I wanted to call this post ‘Reducing Decision Fatigue’, but the reality is that most of the posts I’ve written here could have that title! 🙂 As cited in my recent post about Design Principles, I think a core principle of IUI is to help people make smart decisions quickly.
One of the great papers at the 2017 AAAI (Association for the Advancement of Artificial Intelligence) Spring Symposium was ‘Communicating Machine Learned Choices to E-Commerce Users’. It was written by a bunch of folks at eBay… and the basic premise was that you could use Machine Learning to help guide people through a long list of products by grouping them based on attributes (new vs. used, seller rating, etc.) that were most relevant to the purchase decision of a given product… but doing so required making good design decisions.
When a shopper researches a product on eBay’s marketplace, the number of options available often overwhelms their capacity to evaluate and confidently decide which item to purchase. To simplify the user experience and to maximize the value our marketplace delivers to shoppers, we have machine learned filters—each expressed as a set of attributes and values—that we hypothesize will help frame and advance their purchase journey. The introduction of filters to simplify and shortcut the customer decision journey presents challenges with the UX design. In this paper we share findings from the user experience research and how we integrated research findings into our models.

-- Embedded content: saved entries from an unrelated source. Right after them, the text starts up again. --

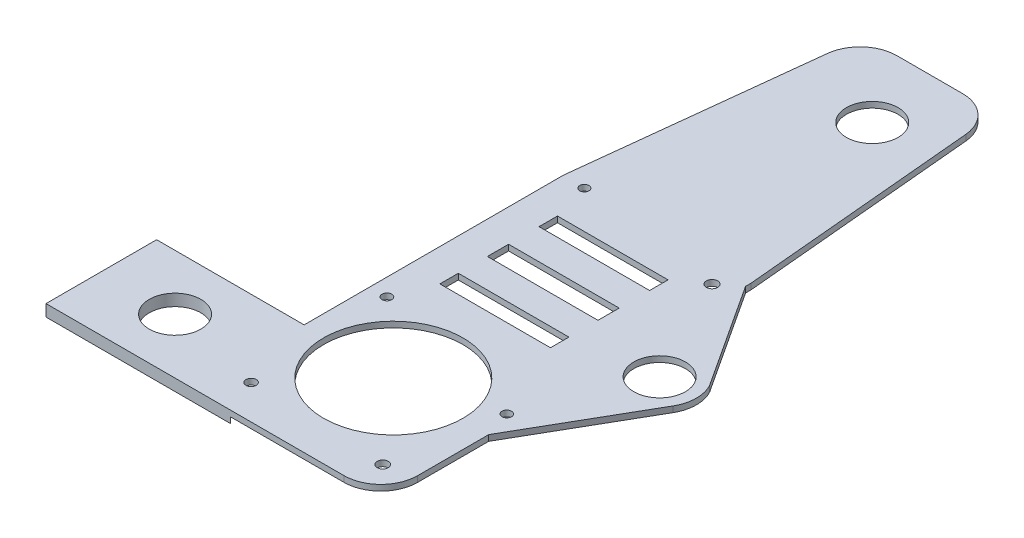
from build123d import *

# Parameters (mm, degrees)
SKETCH1_R           = 2.875
SKETCH1_R_2         = 7
BOSS_EXTRUDE1_DEPTH = 24.5875
SKETCH4_W           = 66.272407177
SKETCH4_H           = 27.800260981
CUT_EXTRUDE2_DEPTH  = 20
FILLET3_R           = 10
FILLET4_R           = 10
BOSS_EXTRUDE3_START = -1.5875
BOSS_EXTRUDE3_DEPTH = 1.5875
SKETCH7_R           = 7
CUT_EXTRUDE3_DEPTH  = 1.5875
CUT_EXTRUDE4_START  = -10
SKETCH8_R           = 3
SKETCH8_R_2         = 18.9
SKETCH8_R_3         = 2.875
SKETCH8_R_4         = 7
CUT_EXTRUDE4_DEPTH  = 10
SKETCH9_W           = 229.1070397
SKETCH9_H           = 361.266964835
SKETCH9_R           = 1.388229101
SKETCH9_R_2         = 1.483383261
SKETCH9_R_3         = 1.314910669
SKETCH9_R_4         = 1.248623853
SKETCH9_R_5         = 1.255629307
SKETCH9_R_6         = 1.53911217
CUT_EXTRUDE5_DEPTH  = 13
SKETCH10_W          = 29.988446547
SKETCH10_H          = 5
SKETCH10_H_2        = 5.75
CUT_EXTRUDE6_DEPTH  = 22
SKETCH11_R          = 5.236653548
CUT_EXTRUDE7_DEPTH  = 10
BOSS_EXTRUDE4_START = -1.59
BOSS_EXTRUDE4_DEPTH = 1.59
SKETCH13_R          = 7
CUT_EXTRUDE8_DEPTH  = 41
SKETCH14_W          = 61.491848917
SKETCH14_H          = 35.587491391
CUT_EXTRUDE9_DEPTH  = 20
FILLET5_R           = 10
SKETCH16_W          = 163.723031551
SKETCH16_H          = 22.872070304
CUT_EXTRUDE11_DEPTH = 35
FILLET6_R           = 10
SKETCH17_R          = 1.53911217
SKETCH17_R_2        = 1.255629307
SKETCH17_R_3        = 1.3
SKETCH17_R_4        = 1.314910669
SKETCH17_R_5        = 1.388229101
SKETCH17_R_6        = 1.5
CUT_EXTRUDE12_DEPTH = 42
CUT_EXTRUDE13_START = -30
SKETCH18_R          = 18.9
CUT_EXTRUDE13_DEPTH = 30
SKETCH19_R          = 7
BOSS_EXTRUDE5_DEPTH = 3.175


with BuildPart() as part:
    # Sketch1 → Boss-Extrude1 (new body)
    with BuildSketch(Plane(origin=(0, 0, 0), x_dir=(1, 0, 0), z_dir=(0, 1, 0))):
        with BuildLine():
            Line((42.32729629, 228.6), (10.454309325, 228.6))
            Line((10.454309325, 228.6), (0, 135.362739137))
            Line((0, 135.362739137), (0, 0))
            Line((0, 0), (24.327009544, 0))
            Line((24.327009544, 0), (50.8, 0))
            Line((50.8, 0), (50.8, 64.87909603))
            Line((50.8, 64.87909603), (50.8, 87.423477361))
            Line((50.8, 87.423477361), (50.8, 98.200996728))
            ThreePointArc((50.8, 98.200996728), (50.4, 101.000996728), (50.8, 103.800996728))
            Line((50.8, 103.800996728), (50.8, 104.488200565))
            Line((50.8, 104.488200565), (50.8, 120.619222808))
            Line((50.8, 120.619222808), (50.8, 135.362739137))
            Line((50.8, 135.362739137), (42.32729629, 228.6))
        make_face()
        with Locations(Location((24.101759227, 108.78493524, 0), (0, 0, 270))):
            Circle(SKETCH1_R, mode=Mode.SUBTRACT)
        with Locations(Location((29.504213454, 189.557234372, 0), (0, 0, 270))):
            Circle(SKETCH1_R_2, mode=Mode.SUBTRACT)
    extrude(amount=BOSS_EXTRUDE1_DEPTH)

    # Sketch4 → Cut-Extrude2 (cut)
    with BuildSketch(Plane(origin=(0, 0, -228.6), x_dir=(-1, 0, 0), z_dir=(0, 0, -1))):
        with Locations((-28.174690156, -1.980940155)):
            Rectangle(SKETCH4_W, SKETCH4_H)
    extrude(amount=-CUT_EXTRUDE2_DEPTH, mode=Mode.SUBTRACT)

    # Fillet3
    fillet3_edges = [part.edges().sort_by_distance(p)[0] for p in [
        (44.144746445, 5.959595168, -208.6),
    ]]
    fillet(fillet3_edges, radius=FILLET3_R)

    # Fillet4
    fillet4_edges = [part.edges().sort_by_distance(p)[0] for p in [
        (50.8, 12.29375, 0),
        (0, 12.29375, 0),
        (8.211791854, 5.959595168, -208.6),
    ]]
    fillet(fillet4_edges, radius=FILLET4_R)

    # Sketch6 → Boss-Extrude3 (add)
    with BuildSketch(Plane(origin=(0, 24.5875, 0), x_dir=(1, 0, 0), z_dir=(0, 1, 0)).offset(BOSS_EXTRUDE3_START)):
        with BuildLine():
            Line((50.8, 135.362739137), (50.8, 103.800996728))
            ThreePointArc((50.8, 103.800996728), (50.4, 101.000996728), (50.8, 98.200996728))
            Line((50.8, 98.200996728), (50.8, 61.124243317))
            Line((50.8, 61.124243317), (69.258211507, 96.360728536))
            ThreePointArc((69.258211507, 96.360728536), (70.393157133, 101.370875786), (68.890940865, 106.283413148))
            Line((68.890940865, 106.283413148), (50.8, 135.362739137))
        make_face()
    extrude(amount=BOSS_EXTRUDE3_DEPTH)

    # Sketch7 → Cut-Extrude3 (cut)
    with BuildSketch(Plane(origin=(0, 24.5875, 0), x_dir=(1, 0, 0), z_dir=(0, 1, 0))):
        with Locations(Location((60.4, 101.000996728, 0), (0, 0, 270))):
            Circle(SKETCH7_R)
    extrude(amount=-CUT_EXTRUDE3_DEPTH, mode=Mode.SUBTRACT)

    # Sketch8 → Cut-Extrude4 (cut)
    with BuildSketch(Plane(origin=(0, 24.5875, 0), x_dir=(1, 0, 0), z_dir=(0, 1, 0)).offset(CUT_EXTRUDE4_START)):
        with BuildLine():
            Line((10.454309325, 228.6), (0, 135.362739137))
            Line((0, 135.362739137), (0, 10))
            ThreePointArc((0, 10), (2.928932188, 2.928932188), (10, 0))
            Line((10, 0), (40.8, 0))
            ThreePointArc((40.8, 0), (47.871067812, 2.928932188), (50.8, 10))
            Line((50.8, 10), (50.8, 61.124243317))
            Line((50.8, 61.124243317), (69.258211507, 96.360728536))
            ThreePointArc((69.258211507, 96.360728536), (70.393157133, 101.370875786), (68.890940865, 106.283413148))
            Line((68.890940865, 106.283413148), (50.8, 135.362739137))
            Line((50.8, 135.362739137), (42.32729629, 228.6))
            Line((42.32729629, 228.6), (10.454309325, 228.6))
        make_face()
        with Locations(Location((9.492033273, 118.909935242, 0), (0, 0, 270))):
            Circle(SKETCH8_R, mode=Mode.SUBTRACT)
        with Locations(Location((24.583834565, 64.593886665, 0), (0, 0, 270))):
            Circle(SKETCH8_R_2, mode=Mode.SUBTRACT)
        with Locations(Location((24.101759227, 108.78493524, 0), (0, 0, 270))):
            Circle(SKETCH8_R_3, mode=Mode.SUBTRACT)
        with Locations((60.4, 101.000996728)):
            Circle(SKETCH8_R_4, mode=Mode.SUBTRACT)
        with Locations(Location((29.504213454, 189.557234372, 0), (0, 0, 270))):
            Circle(SKETCH8_R_4, mode=Mode.SUBTRACT)
    extrude(amount=CUT_EXTRUDE4_DEPTH, mode=Mode.SUBTRACT)

    # Sketch9 → Cut-Extrude5 (cut)
    with BuildSketch(Plane.XZ):
        with Locations((19.903204009, -125.752229467)):
            Rectangle(SKETCH9_W, SKETCH9_H)
        with Locations(Location((6.335590122, -44.288799513, 0), (0, 0, 270))):
            Circle(SKETCH9_R, mode=Mode.SUBTRACT)
        with Locations(Location((43.447673368, -42.868436544, 0), (0, 0, 270))):
            Circle(SKETCH9_R_2, mode=Mode.SUBTRACT)
        with Locations(Location((4.659546827, -82.793173401, 0), (0, 0, 270))):
            Circle(SKETCH9_R_3, mode=Mode.SUBTRACT)
        with Locations(Location((48.400988852, -71.551011715, 0), (0, 0, 270))):
            Circle(SKETCH9_R_4, mode=Mode.SUBTRACT)
        with Locations(Location((5.88467603, -135.103145298, 0), (0, 0, 270))):
            Circle(SKETCH9_R_5, mode=Mode.SUBTRACT)
        with Locations(Location((45.747747887, -129.863467374, 0), (0, 0, 270))):
            Circle(SKETCH9_R_6, mode=Mode.SUBTRACT)
    extrude(amount=-CUT_EXTRUDE5_DEPTH, mode=Mode.SUBTRACT)

    # Sketch10 → Cut-Extrude6 (cut)
    with BuildSketch(Plane(origin=(0, 24.5875, 0), x_dir=(1, 0, 0), z_dir=(0, 1, 0))):
        with Locations((23.779803557, 122.41493524)):
            Rectangle(SKETCH10_W, SKETCH10_H)
        with Locations((23.779803557, 108.78493524)):
            Rectangle(SKETCH10_W, SKETCH10_H_2)
        with Locations((23.779803557, 95.528937895)):
            Rectangle(SKETCH10_W, SKETCH10_H)
    extrude(amount=-CUT_EXTRUDE6_DEPTH, mode=Mode.SUBTRACT)

    # Sketch11 → Cut-Extrude7 (cut)
    with BuildSketch(Plane(origin=(0, 24.5875, 0), x_dir=(1, 0, 0), z_dir=(0, 1, 0))):
        with Locations((8.535526315, 118.29502971)):
            Circle(SKETCH11_R)
    extrude(amount=-CUT_EXTRUDE7_DEPTH, mode=Mode.SUBTRACT)

    # Sketch12 → Boss-Extrude4 (add)
    with BuildSketch(Plane(origin=(0, 14.5875, 0), x_dir=(1, 0, 0), z_dir=(0, 1, 0)).offset(BOSS_EXTRUDE4_START)):
        with BuildLine():
            Line((68.287536191, 107.148091395), (50.8, 133.900488173))
            Line((50.8, 133.900488173), (50.8, 103.800996728))
            ThreePointArc((50.8, 103.800996728), (58.520134646, 110.822712782), (68.287536191, 107.148091395))
        make_face()
        with BuildLine():
            Line((69.19540964, 105.759228466), (68.287536191, 107.148091395))
            ThreePointArc((68.287536191, 107.148091395), (58.520134646, 110.822712782), (50.8, 103.800996728))
            ThreePointArc((50.8, 103.800996728), (50.4, 101.000996728), (50.8, 98.200996728))
            ThreePointArc((50.8, 98.200996728), (59.211240578, 91.07190558), (69.067690563, 96.013899345))
            ThreePointArc((69.067690563, 96.013899345), (70.061182785, 98.419999404), (70.4, 101.000996728))
            ThreePointArc((70.4, 101.000996728), (70.094175994, 103.455167016), (69.19540964, 105.759228466))
        make_face()
        with BuildLine():
            ThreePointArc((69.067690563, 96.013899345), (59.211240578, 91.07190558), (50.8, 98.200996728))
            Line((50.8, 98.200996728), (50.8, 64.264230765))
            Line((50.8, 64.264230765), (69.067690563, 96.013899345))
        make_face()
    extrude(amount=BOSS_EXTRUDE4_DEPTH)

    # Sketch13 → Cut-Extrude8 (cut)
    with BuildSketch(Plane(origin=(0, 14.5875, 0), x_dir=(1, 0, 0), z_dir=(0, 1, 0))):
        with Locations(Location((60.4, 101.000996728, 0), (0, 0, 270))):
            Circle(SKETCH13_R)
    extrude(amount=-CUT_EXTRUDE8_DEPTH, mode=Mode.SUBTRACT)

    # Sketch14 → Cut-Extrude9 (cut)
    with BuildSketch(Plane(origin=(0, 0, -228.6), x_dir=(-1, 0, 0), z_dir=(0, 0, -1))):
        with Locations((-33.296946078, 21.381494753)):
            Rectangle(SKETCH14_W, SKETCH14_H)
    extrude(amount=-CUT_EXTRUDE9_DEPTH, mode=Mode.SUBTRACT)

    # Fillet5
    fillet5_edges = [part.edges().sort_by_distance(p)[0] for p in [
        (44.144746445, 13.79375, -208.6),
        (8.211791854, 13.79375, -208.6),
    ]]
    fillet(fillet5_edges, radius=FILLET5_R)

    # Sketch16 → Cut-Extrude11 (cut)
    with BuildSketch(Plane.XY):
        with Locations((6.935844153, 9.456999915)):
            Rectangle(SKETCH16_W, SKETCH16_H)
    extrude(amount=-CUT_EXTRUDE11_DEPTH, mode=Mode.SUBTRACT)

    # Fillet6
    fillet6_edges = [part.edges().sort_by_distance(p)[0] for p in [
        (0, 13.79375, -35),
        (50.8, 13.79375, -35),
    ]]
    fillet(fillet6_edges, radius=FILLET6_R)

    # Sketch17 → Cut-Extrude12 (cut)
    with BuildSketch(Plane.XZ):
        with Locations(Location((45.747747887, -129.863467374, 0), (0, 0, 270))):
            Circle(SKETCH17_R)
        with Locations(Location((5.88467603, -135.103145298, 0), (0, 0, 270))):
            Circle(SKETCH17_R_2)
        with Locations(Location((48.400988852, -71.551011715, 0), (0, 0, 270))):
            Circle(SKETCH17_R_3)
        with Locations(Location((4.659546827, -82.793173401, 0), (0, 0, 270))):
            Circle(SKETCH17_R_4)
        with Locations(Location((6.335590122, -44.288799513, 0), (0, 0, 270))):
            Circle(SKETCH17_R_5)
        with Locations(Location((43.447673368, -42.868436544, 0), (0, 0, 270))):
            Circle(SKETCH17_R_6)
    extrude(amount=-CUT_EXTRUDE12_DEPTH, mode=Mode.SUBTRACT)

    # Sketch18 → Cut-Extrude13 (cut)
    with BuildSketch(Plane(origin=(0, 24.5875, 0), x_dir=(1, 0, 0), z_dir=(0, 1, 0)).offset(CUT_EXTRUDE13_START)):
        with Locations(Location((24.583834565, 64.593886665, 0), (0, 0, 270))):
            Circle(SKETCH18_R)
    extrude(amount=CUT_EXTRUDE13_DEPTH, mode=Mode.SUBTRACT)

    # Sketch19 → Boss-Extrude5 (add)
    # profile 1 of 2: a face of its own
    with BuildSketch(Plane(origin=(0, 14.5875, 0), x_dir=(1, 0, 0), z_dir=(0, 1, 0))):
        Polygon((0, 45), (0, 65), (-40, 65), (-40, 35), (0, 35), align=None)
        with Locations(Location((-20, 50, 0), (0, 0, 270))):
            Circle(SKETCH19_R, mode=Mode.SUBTRACT)
    # profile 2 of 2: a face of its own
    with BuildSketch(Plane(origin=(0, 14.5875, 0), x_dir=(1, 0, 0), z_dir=(0, 1, 0))):
        with BuildLine():
            ThreePointArc((10, 35), (2.928932188, 37.928932188), (0, 45))
            Line((0, 45), (0, 35))
            Line((0, 35), (10, 35))
        make_face()
    extrude(amount=-BOSS_EXTRUDE5_DEPTH)


solid = part.part

They started by analyzing historical transactions to identify inherent value placed on specific attributes, and identified them as “global” or “local”. Global attributes are ones that are common across products (e.g. condition) and local attributes are ones that are specific to a subset of products (e.g the OS version of an Android phone), and some of the local attributes actually replace the global attributes (e.g. ‘Rating’ for baseball cars replaces ‘Condition’)
They then came up with something they called the ‘Relative Value’ of an attribute, which basically looked at the premium that shoppers paid for a product given the value of that attribute (e.g. a returnable item vs a non-returnable item).
In the above image, we see that the higher price paid when an item is returnable.
They then went on to review Behavioral Signals, to determine which attributes were “Sticky” and which attributes were “Impulsive” during a shoppers decision making process. Sticky attributes are obviously ones where buyers stick to a specific value (or range) in their purchase journey significantly more than random chance would dictate. Impulsive attributes are ones that correlated with impulsive transactions (short view trail before purchase).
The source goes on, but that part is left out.